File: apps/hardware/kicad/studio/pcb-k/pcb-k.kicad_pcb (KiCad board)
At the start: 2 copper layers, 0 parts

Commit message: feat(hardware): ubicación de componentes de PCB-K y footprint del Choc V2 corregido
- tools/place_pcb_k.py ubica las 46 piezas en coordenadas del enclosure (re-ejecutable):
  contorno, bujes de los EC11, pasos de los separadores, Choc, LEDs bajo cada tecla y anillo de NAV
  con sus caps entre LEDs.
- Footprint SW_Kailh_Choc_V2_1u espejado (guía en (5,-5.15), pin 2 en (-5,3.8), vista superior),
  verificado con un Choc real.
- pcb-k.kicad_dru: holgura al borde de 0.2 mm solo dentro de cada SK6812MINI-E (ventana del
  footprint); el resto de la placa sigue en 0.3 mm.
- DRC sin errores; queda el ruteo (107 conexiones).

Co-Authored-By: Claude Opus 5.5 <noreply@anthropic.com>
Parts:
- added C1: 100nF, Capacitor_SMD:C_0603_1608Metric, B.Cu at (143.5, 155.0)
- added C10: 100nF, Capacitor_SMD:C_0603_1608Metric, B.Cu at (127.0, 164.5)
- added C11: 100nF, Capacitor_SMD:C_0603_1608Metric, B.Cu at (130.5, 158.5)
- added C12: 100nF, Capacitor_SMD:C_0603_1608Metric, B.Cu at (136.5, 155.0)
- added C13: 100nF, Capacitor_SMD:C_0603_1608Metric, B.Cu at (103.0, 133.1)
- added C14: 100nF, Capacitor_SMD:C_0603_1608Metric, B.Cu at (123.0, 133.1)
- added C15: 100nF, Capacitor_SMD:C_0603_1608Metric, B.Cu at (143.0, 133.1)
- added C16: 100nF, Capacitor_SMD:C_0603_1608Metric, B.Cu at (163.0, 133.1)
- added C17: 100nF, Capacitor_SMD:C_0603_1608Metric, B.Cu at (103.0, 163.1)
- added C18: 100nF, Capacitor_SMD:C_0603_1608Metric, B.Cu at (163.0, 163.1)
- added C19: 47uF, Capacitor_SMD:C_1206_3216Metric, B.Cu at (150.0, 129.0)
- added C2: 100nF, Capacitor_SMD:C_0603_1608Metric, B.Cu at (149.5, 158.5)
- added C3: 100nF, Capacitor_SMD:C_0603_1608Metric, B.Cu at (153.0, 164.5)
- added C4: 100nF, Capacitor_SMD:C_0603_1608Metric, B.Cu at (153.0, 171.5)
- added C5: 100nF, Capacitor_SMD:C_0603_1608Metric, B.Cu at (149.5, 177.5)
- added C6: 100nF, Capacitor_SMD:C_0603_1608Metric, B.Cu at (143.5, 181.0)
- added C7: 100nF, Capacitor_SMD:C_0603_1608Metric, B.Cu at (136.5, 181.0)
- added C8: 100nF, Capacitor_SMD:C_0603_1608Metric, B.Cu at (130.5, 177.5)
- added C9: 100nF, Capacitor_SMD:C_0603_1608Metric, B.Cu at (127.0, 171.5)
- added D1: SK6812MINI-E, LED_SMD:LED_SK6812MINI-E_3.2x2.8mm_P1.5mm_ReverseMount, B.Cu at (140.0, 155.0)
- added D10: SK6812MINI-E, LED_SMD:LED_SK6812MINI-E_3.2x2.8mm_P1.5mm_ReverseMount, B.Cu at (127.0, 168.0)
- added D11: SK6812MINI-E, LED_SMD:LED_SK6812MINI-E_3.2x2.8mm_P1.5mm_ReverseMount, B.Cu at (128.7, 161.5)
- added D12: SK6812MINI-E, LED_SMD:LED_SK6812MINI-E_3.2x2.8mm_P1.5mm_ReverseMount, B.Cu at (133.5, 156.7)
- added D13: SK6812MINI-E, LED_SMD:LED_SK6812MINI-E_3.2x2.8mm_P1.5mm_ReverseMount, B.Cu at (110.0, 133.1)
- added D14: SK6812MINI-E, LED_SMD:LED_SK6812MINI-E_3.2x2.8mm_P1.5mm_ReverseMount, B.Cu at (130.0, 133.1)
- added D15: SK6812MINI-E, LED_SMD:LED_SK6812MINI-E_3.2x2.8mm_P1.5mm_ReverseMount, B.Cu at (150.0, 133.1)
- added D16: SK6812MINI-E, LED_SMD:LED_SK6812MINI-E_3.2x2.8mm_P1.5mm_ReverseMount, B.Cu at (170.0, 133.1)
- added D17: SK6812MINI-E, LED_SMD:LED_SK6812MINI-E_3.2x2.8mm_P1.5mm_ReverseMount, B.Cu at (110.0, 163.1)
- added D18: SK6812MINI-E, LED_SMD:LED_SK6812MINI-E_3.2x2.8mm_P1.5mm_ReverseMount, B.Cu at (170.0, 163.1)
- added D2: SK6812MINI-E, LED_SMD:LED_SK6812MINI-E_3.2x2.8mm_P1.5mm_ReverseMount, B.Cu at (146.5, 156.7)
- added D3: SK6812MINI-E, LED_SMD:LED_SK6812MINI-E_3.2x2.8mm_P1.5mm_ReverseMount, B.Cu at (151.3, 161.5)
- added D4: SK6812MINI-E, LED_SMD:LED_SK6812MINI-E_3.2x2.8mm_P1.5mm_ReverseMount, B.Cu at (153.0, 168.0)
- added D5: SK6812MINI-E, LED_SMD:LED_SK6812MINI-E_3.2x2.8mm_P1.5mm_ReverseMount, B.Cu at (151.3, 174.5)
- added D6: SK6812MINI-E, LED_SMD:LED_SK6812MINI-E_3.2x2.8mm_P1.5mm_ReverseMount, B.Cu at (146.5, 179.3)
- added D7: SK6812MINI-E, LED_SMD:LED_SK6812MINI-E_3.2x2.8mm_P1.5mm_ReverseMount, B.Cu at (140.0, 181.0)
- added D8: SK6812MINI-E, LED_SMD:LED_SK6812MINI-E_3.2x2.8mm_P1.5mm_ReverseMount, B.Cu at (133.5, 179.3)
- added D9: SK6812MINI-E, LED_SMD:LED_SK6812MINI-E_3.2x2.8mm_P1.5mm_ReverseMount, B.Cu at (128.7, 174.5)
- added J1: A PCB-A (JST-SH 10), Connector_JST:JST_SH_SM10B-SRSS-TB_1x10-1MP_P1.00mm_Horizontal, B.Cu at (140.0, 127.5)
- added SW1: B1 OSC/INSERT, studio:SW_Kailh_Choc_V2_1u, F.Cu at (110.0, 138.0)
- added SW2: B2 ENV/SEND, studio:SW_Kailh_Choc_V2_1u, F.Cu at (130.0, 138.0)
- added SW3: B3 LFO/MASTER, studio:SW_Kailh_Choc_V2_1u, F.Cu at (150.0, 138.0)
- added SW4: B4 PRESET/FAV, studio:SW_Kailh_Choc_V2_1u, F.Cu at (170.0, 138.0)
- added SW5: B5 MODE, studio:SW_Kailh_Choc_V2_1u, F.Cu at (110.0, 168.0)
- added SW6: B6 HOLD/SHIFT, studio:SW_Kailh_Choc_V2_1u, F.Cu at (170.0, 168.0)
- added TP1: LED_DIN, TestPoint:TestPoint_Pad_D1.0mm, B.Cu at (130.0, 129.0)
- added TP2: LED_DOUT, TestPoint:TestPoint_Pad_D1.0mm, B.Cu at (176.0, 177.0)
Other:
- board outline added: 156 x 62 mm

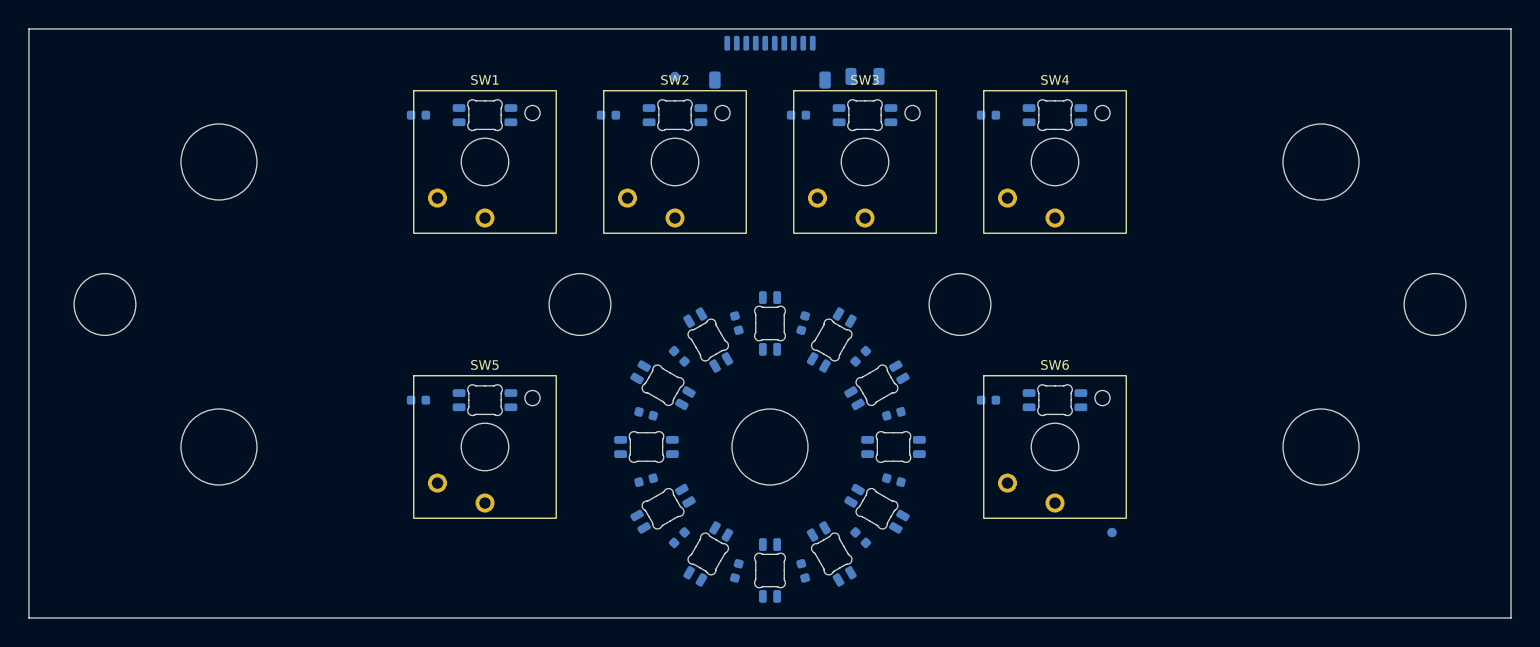
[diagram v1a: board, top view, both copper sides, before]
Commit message: feat(hardware): PCB-K ruteada (DRC limpio contra reglas de JLCPCB)
- Anillo de NAV: LEDs rotados 180° para que DOUT y DIN queden enfrentados en cada hueco (mismo
  orden e índices 0–11). Ruteo regular por script: anillo interior de +5V, saltos de datos por F.Cu
  que esquivan las ventanas de luz, una vía de GND por hueco (tools/route_pcb_k_ring.py).
- Zona de teclas con rutas explícitas (tools/route_pcb_k_keys.py): botones por F.Cu desde J1,
  cadena de datos y buses de +5V por B.Cu; capacitores de tecla a la derecha de cada LED; C19 sobre
  el bus de +5V; TP1/TP2 sobre sus pistas y fuera del BOM.
- Orden de pines de J1 nuevo en PCB-K y PCB-A (cable 1:1): B4, B6, B3, GND, +5V, GND, LED_DIN, B2,
  B5, B1. Evita ~14 cruces entre capas; los pines de la Teensy no cambian (02-studio-pcb.md §6.1).
- Planos de GND en F.Cu y B.Cu con costura cada 6 mm (tools/add_gnd_pours.py).
- Reglas de JLCPCB 2 capas en los tres proyectos: agujero-agujero 0.5 mm, vía ≥ 0.5/0.3, anillo
  ≥ 0.13; borde 0.25 mm (0.2 solo dentro de cada SK6812MINI-E).
- DRC con paridad de esquemático: 0 violaciones, 0 pads sin conectar, 0 errores de footprint.
- tools/route_board.py (Freerouting) queda como herramienta; no se usó en el resultado final.

Co-Authored-By: Claude Opus 5.5 <noreply@anthropic.com>
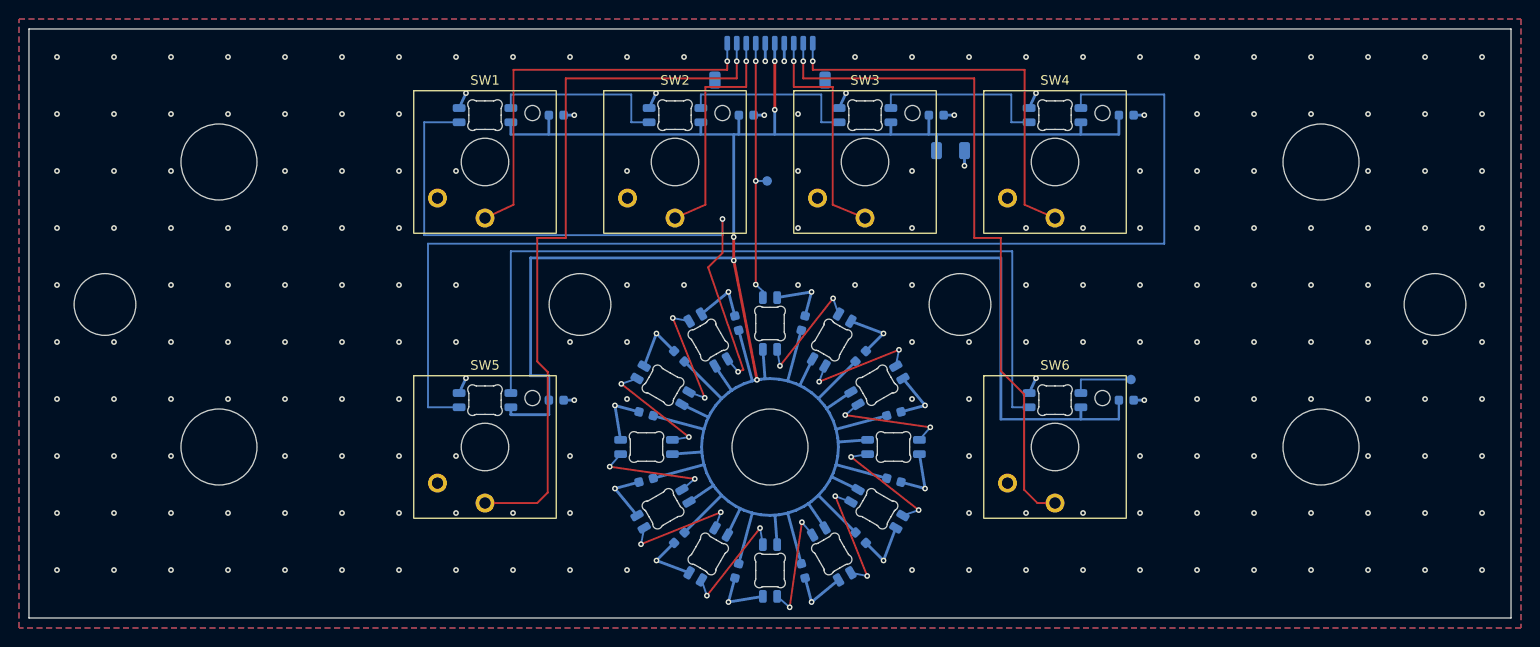
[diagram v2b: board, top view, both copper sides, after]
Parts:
- moved TP2 16.2 mm to (178.0, 160.9)
- moved TP1 14.7 mm to (139.7, 140.0)
- moved C13 14.5 mm to (117.5, 133.1)
- moved C14 14.5 mm to (137.5, 133.1)
- moved C15 14.5 mm to (157.5, 133.1)
- moved C16 14.5 mm to (177.5, 133.1)
- moved C17 14.5 mm to (117.5, 163.1)
- moved C18 14.5 mm to (177.5, 163.1)
- moved C19 11.9 mm to (159.0, 136.8)
- turned D1 to -90 degrees
- turned D10 to 0 degrees
- turned D11 to -30 degrees
- turned D12 to -60 degrees
- turned D2 to -120 degrees
- turned D3 to -150 degrees
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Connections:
- J1 pad 1: /+5V -> /B4
- J1 pad 10: /B6 -> /B1
- J1 pad 2: /GND -> /B6
- J1 pad 3: /LED_DIN -> /B3
- J1 pad 5: /B1 -> /+5V
- J1 pad 6: /B2 -> /GND
- J1 pad 7: /B3 -> /LED_DIN
- J1 pad 8: /B4 -> /B2
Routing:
- net /+5V: track 0.00 -> 369.0 mm, vias 0 -> 5
- net /LED_16: track 0.00 -> 123.9 mm
- net /GND: track 0.00 -> 98.1 mm, vias 0 -> 213
- net /LED_17: track 0.00 -> 85.9 mm
- net /B5: track 0.00 -> 75.8 mm, vias 0 -> 1
- net /B6: track 0.00 -> 72.6 mm, vias 0 -> 1
- net /LED_12: track 0.00 -> 68.1 mm, vias 0 -> 2
- net /B1: track 0.00 -> 42.8 mm, vias 0 -> 1
- net /B4: track 0.00 -> 42.8 mm, vias 0 -> 1
- net /LED_DIN: track 0.00 -> 28.3 mm, vias 0 -> 3
- net /B2: track 0.00 -> 24.8 mm, vias 0 -> 1
- net /B3: track 0.00 -> 24.8 mm, vias 0 -> 1
- net /LED_15: track 0.00 -> 18.9 mm
- net /LED_14: track 0.00 -> 18.9 mm
- net /LED_13: track 0.00 -> 18.9 mm
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- added copper zone on B.Cu, net /GND
- added copper zone on F.Cu, net /GND

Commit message: feat(hardware): archivos de fabricación JLCPCB y shield corregido en la portadora
- Portadora: las filas del Audio Shield estaban al revés (quedaba espejado respecto de la Teensy con el
  shield boca arriba). J16 (GND/0–12) pasa atrás y J15 adelante; re-ruteada, DRC con paridad 0/0/0.
- Números LCSC en los tres esquemáticos (set_lcsc.py), todo en ensamble Economic. PCB-K pasa al
  SK6812MINI-EA (mismo pinout y cuerpo, sin la restricción Standard-only del MINI-E).
- Escalera del PAD y acople al codec con valores Basic (33k/12k/5.1k, 4.7 µF): la simulación sigue
  pasando C1–C6 (tercera corrida en theory/03).
- export_fab.py: Gerbers + taladros, BOM y CPL en formato JLC; los THT usan el centro de sus pads y los
  IDC la rotación del modelo de JLC. Portadora con jacks e IDC ensamblados; el resto de los THT en
  fab/lcsc-piezas-sueltas.csv.
- sync_fp_fields.py también copia Value y LCSC a las placas.
- theory/02 §10C–10D: fabricación, montaje del shield, J9, J3 (USB host), corriente de la Pi y la
  verificación de punta a punta de las conexiones.

Co-Authored-By: Claude Opus 5.5 <noreply@anthropic.com>
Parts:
- D1, D10, D11, D12, D13, D14, D15, D16, D17, D18, D2, D3, D4, D5, D6, D7, D8, D9: value SK6812MINI-E -> SK6812MINI-EA

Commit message: feat(studio): vuelve PCB-K con los LEDs ensamblados (ADR-004 rev. 4)
El pedido se junta con GroovePush: tres placas como en el presupuesto original. La cadena de
PCB-K (anillo D1–D12, teclas D13–D18 = B1…B6) coincide con panel_leds, sin cambios de
firmware. Agujeros de los separadores Ø6.5 → Ø7.0 (hexagonal M3 de 5.5 mm); DRC 0.
Compras: Choc soldados a PCB-K, cable JST-SH ↔ header, terminales con ficha, amarres.

Co-Authored-By: Claude Opus 5.5 <noreply@anthropic.com>
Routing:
- net /GND: vias 213 -> 209
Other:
- outline, holes or cut-outs redrawn
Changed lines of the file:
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@@
 	(gr_circle
 		(center 70 153)
-		(end 73.25 153)
+		(end 73.5 153)
 		(stroke
 			(width 0.1)
@@
 	(gr_circle
 		(center 120 153)
-		(end 123.25 153)
+		(end 123.5 153)
 		(stroke
 			(width 0.1)
@@
 	(gr_circle
 		(center 160 153)
-		(end 163.25 153)
+		(end 163.5 153)
 		(stroke
 			(width 0.1)
@@
 	(gr_circle
 		(center 210 153)
-		(end 213.25 153)
+		(end 213.5 153)
 		(stroke
 			(width 0.1)
@@
 	)
 	(via
-		(at 70.95 156.95)
-		(size 0.6)
-		(drill 0.3)
-		(layers "F.Cu" "B.Cu")
-		(net "/GND")
-	)
-	(via
 		(at 70.95 162.95)
 		(size 0.6)
@@
 	)
 	(via
-		(at 160.95 156.95)
-		(size 0.6)
-		(drill 0.3)
-		(layers "F.Cu" "B.Cu")
-		(net "/GND")
-	)
-	(via
 		(at 64.95 150.95)
 		(size 0.6)
@@
 	)
 	(via
-		(at 208.95 156.95)
-		(size 0.6)
-		(drill 0.3)
-		(layers "F.Cu" "B.Cu")
-		(net "/GND")
-	)
-	(via
 		(at 208.95 162.95)
 		(size 0.6)
@@
 	)
 	(via
-		(at 118.95 156.95)
-		(size 0.6)
-		(drill 0.3)
-		(layers "F.Cu" "B.Cu")
-		(net "/GND")
-	)
-	(via
 		(at 151.950104 179.950104)
 		(size 0.6)
@@
 			"5ab4bb8c-ccc4-4144-9568-4c1f5e19bfe0" "5dc61dea-fa7c-405b-bc10-3345c18acbca"
 			"5dd6950f-0c48-4c22-8d68-0194b6ba7a54" "5f87d1e9-7a3d-41fd-b4c9-705294de49fe"
-			"60b8e96e-bd98-43e0-b1c7-21f60683a20b" "622e10c1-1446-4c8f-b5df-655e28486c46"
-			"64c91895-c12b-4b72-81ea-b9cdceb3b2f7" "659582f1-1545-4754-a6a5-63f7bb3214f9"
-			"66e97ab8-f9f1-4eef-8dba-ed2b03b2fb91" "685c2c4e-7cf1-4f80-be10-a8a2951fd086"
-			"6ade69dc-31bb-46e2-b014-71842b0db01a" "6b132e91-cb21-406b-acab-55ba4ff999de"
-			"6b917011-7ef3-4b17-aae2-5ef32e62aa6a" "6bb19bab-ee9a-4675-86d7-0dc862da1cac"
-			"6ce20356-6d05-475f-8146-f337abb18559" "6d79a937-787e-4076-a090-eebbb423be58"
-			"6e467a11-77a3-44b9-b263-984667dc9b4e" "6e91f887-2fd5-47d5-b68e-e382d56083b9"
-			"6f27940a-e449-438d-ae12-52106f6896be" "6f4328fc-365f-4190-b9a8-a323bf345b7f"
-			"6f4b3636-36ec-478c-957f-b9cfce767932" "6fa737d1-fe92-465b-b4e8-4fc121d6797a"
-			"7034106e-d7a9-4fe0-9392-d9c9a8559f21" "72095bf3-0f86-4115-a93c-b8d1f018b08d"
-			"78a7099e-2b01-4a53-a24d-24cbb81e5c2a" "7c578c28-8fc8-410e-a217-084b46a2b9a3"
-			"7ca24f01-ffb6-444a-9ea7-27c6673e019c" "7d1b517f-b5b2-457e-9bc2-f4aaffab1a45"
-			"7d4af1b6-1442-424f-80fe-58e89e3f4b11" "7d8ed7eb-ecf8-40e3-927f-843097e59c4a"
-			"7ef96a3a-4c7e-49ce-85d8-fc661923db5d" "7f318ecb-7f90-457c-b924-f96c13063b95"
-			"819dc836-ccbc-47ea-b2df-98e8308c252b" "830f9ce3-ce21-4565-8a06-78b065906136"
+			"622e10c1-1446-4c8f-b5df-655e28486c46" "64c91895-c12b-4b72-81ea-b9cdceb3b2f7"
+			"659582f1-1545-4754-a6a5-63f7bb3214f9" "66e97ab8-f9f1-4eef-8dba-ed2b03b2fb91"
+			"685c2c4e-7cf1-4f80-be10-a8a2951fd086" "6ade69dc-31bb-46e2-b014-71842b0db01a"
+			"6b132e91-cb21-406b-acab-55ba4ff999de" "6b917011-7ef3-4b17-aae2-5ef32e62aa6a"
+			"6bb19bab-ee9a-4675-86d7-0dc862da1cac" "6ce20356-6d05-475f-8146-f337abb18559"
+			"6d79a937-787e-4076-a090-eebbb423be58" "6e467a11-77a3-44b9-b263-984667dc9b4e"
+			"6e91f887-2fd5-47d5-b68e-e382d56083b9" "6f27940a-e449-438d-ae12-52106f6896be"
+			"6f4328fc-365f-4190-b9a8-a323bf345b7f" "6f4b3636-36ec-478c-957f-b9cfce767932"
+			"6fa737d1-fe92-465b-b4e8-4fc121d6797a" "7034106e-d7a9-4fe0-9392-d9c9a8559f21"
+			"72095bf3-0f86-4115-a93c-b8d1f018b08d" "78a7099e-2b01-4a53-a24d-24cbb81e5c2a"
+			"7c578c28-8fc8-410e-a217-084b46a2b9a3" "7ca24f01-ffb6-444a-9ea7-27c6673e019c"
+			"7d1b517f-b5b2-457e-9bc2-f4aaffab1a45" "7d4af1b6-1442-424f-80fe-58e89e3f4b11"
+			"7d8ed7eb-ecf8-40e3-927f-843097e59c4a" "7ef96a3a-4c7e-49ce-85d8-fc661923db5d"
+			"7f318ecb-7f90-457c-b924-f96c13063b95" "819dc836-ccbc-47ea-b2df-98e8308c252b"
 			"838a4121-2a9a-46fb-88d6-0dbf1096cbd9" "850cad0c-908c-427e-9eb7-a18e4a250d54"
 			"865b3f3e-6fda-4cdc-8e97-f784ee730b02" "86c06ea3-62cb-4658-89c7-53a03b7ca657"
@@
 			"a4820b4d-23c5-41fe-adaa-c46d87975670" "a70c3b3d-6de8-4cc3-ba24-1bf15b608b21"
 			"a7bc8fbf-ff2c-45f0-be15-b0f435a59984" "a97b6aca-59f8-47e5-a548-1e7473643a15"
-			"a9ce0504-bbdd-47ac-b09b-a7370e0b2df5" "aa6bf2c0-01c6-42b9-8adc-311d772bc17b"
-			"abf15420-ba8a-4d3b-8b85-fb4f819a110a" "ac80e31b-06cb-4e7b-8454-08c1592ce3a4"
-			"aeba4551-5538-4d69-a696-f7e9a6d20aa7" "b6ab2e63-09fa-4181-8d16-621b53c46062"
+			"a9ce0504-bbdd-47ac-b09b-a7370e0b2df5" "abf15420-ba8a-4d3b-8b85-fb4f819a110a"
+			"ac80e31b-06cb-4e7b-8454-08c1592ce3a4" "b6ab2e63-09fa-4181-8d16-621b53c46062"
 			"b793d130-cd11-4d70-acdb-24b017795255" "b8959975-f680-4d33-bd33-389dca988041"
 			"badcc586-2b61-4a72-bee6-0e2cb412c2a9" "bb10ca80-c5b0-4df2-a7f5-f53d23b02e84"

_Exercise goal_
Take from the material above the lines running from the one with "- added C8: 100nF, Capacitor_SMD:C_0603_1608Metric, B.Cu" through the one with "at (110.0, 133.1)", and repeat them exactly, with nothing else.

_Exercise response_
- added C8: 100nF, Capacitor_SMD:C_0603_1608Metric, B.Cu at (130.5, 177.5)
- added C9: 100nF, Capacitor_SMD:C_0603_1608Metric, B.Cu at (127.0, 171.5)
- added D1: SK6812MINI-E, LED_SMD:LED_SK6812MINI-E_3.2x2.8mm_P1.5mm_ReverseMount, B.Cu at (140.0, 155.0)
- added D10: SK6812MINI-E, LED_SMD:LED_SK6812MINI-E_3.2x2.8mm_P1.5mm_ReverseMount, B.Cu at (127.0, 168.0)
- added D11: SK6812MINI-E, LED_SMD:LED_SK6812MINI-E_3.2x2.8mm_P1.5mm_ReverseMount, B.Cu at (128.7, 161.5)
- added D12: SK6812MINI-E, LED_SMD:LED_SK6812MINI-E_3.2x2.8mm_P1.5mm_ReverseMount, B.Cu at (133.5, 156.7)
- added D13: SK6812MINI-E, LED_SMD:LED_SK6812MINI-E_3.2x2.8mm_P1.5mm_ReverseMount, B.Cu at (110.0, 133.1)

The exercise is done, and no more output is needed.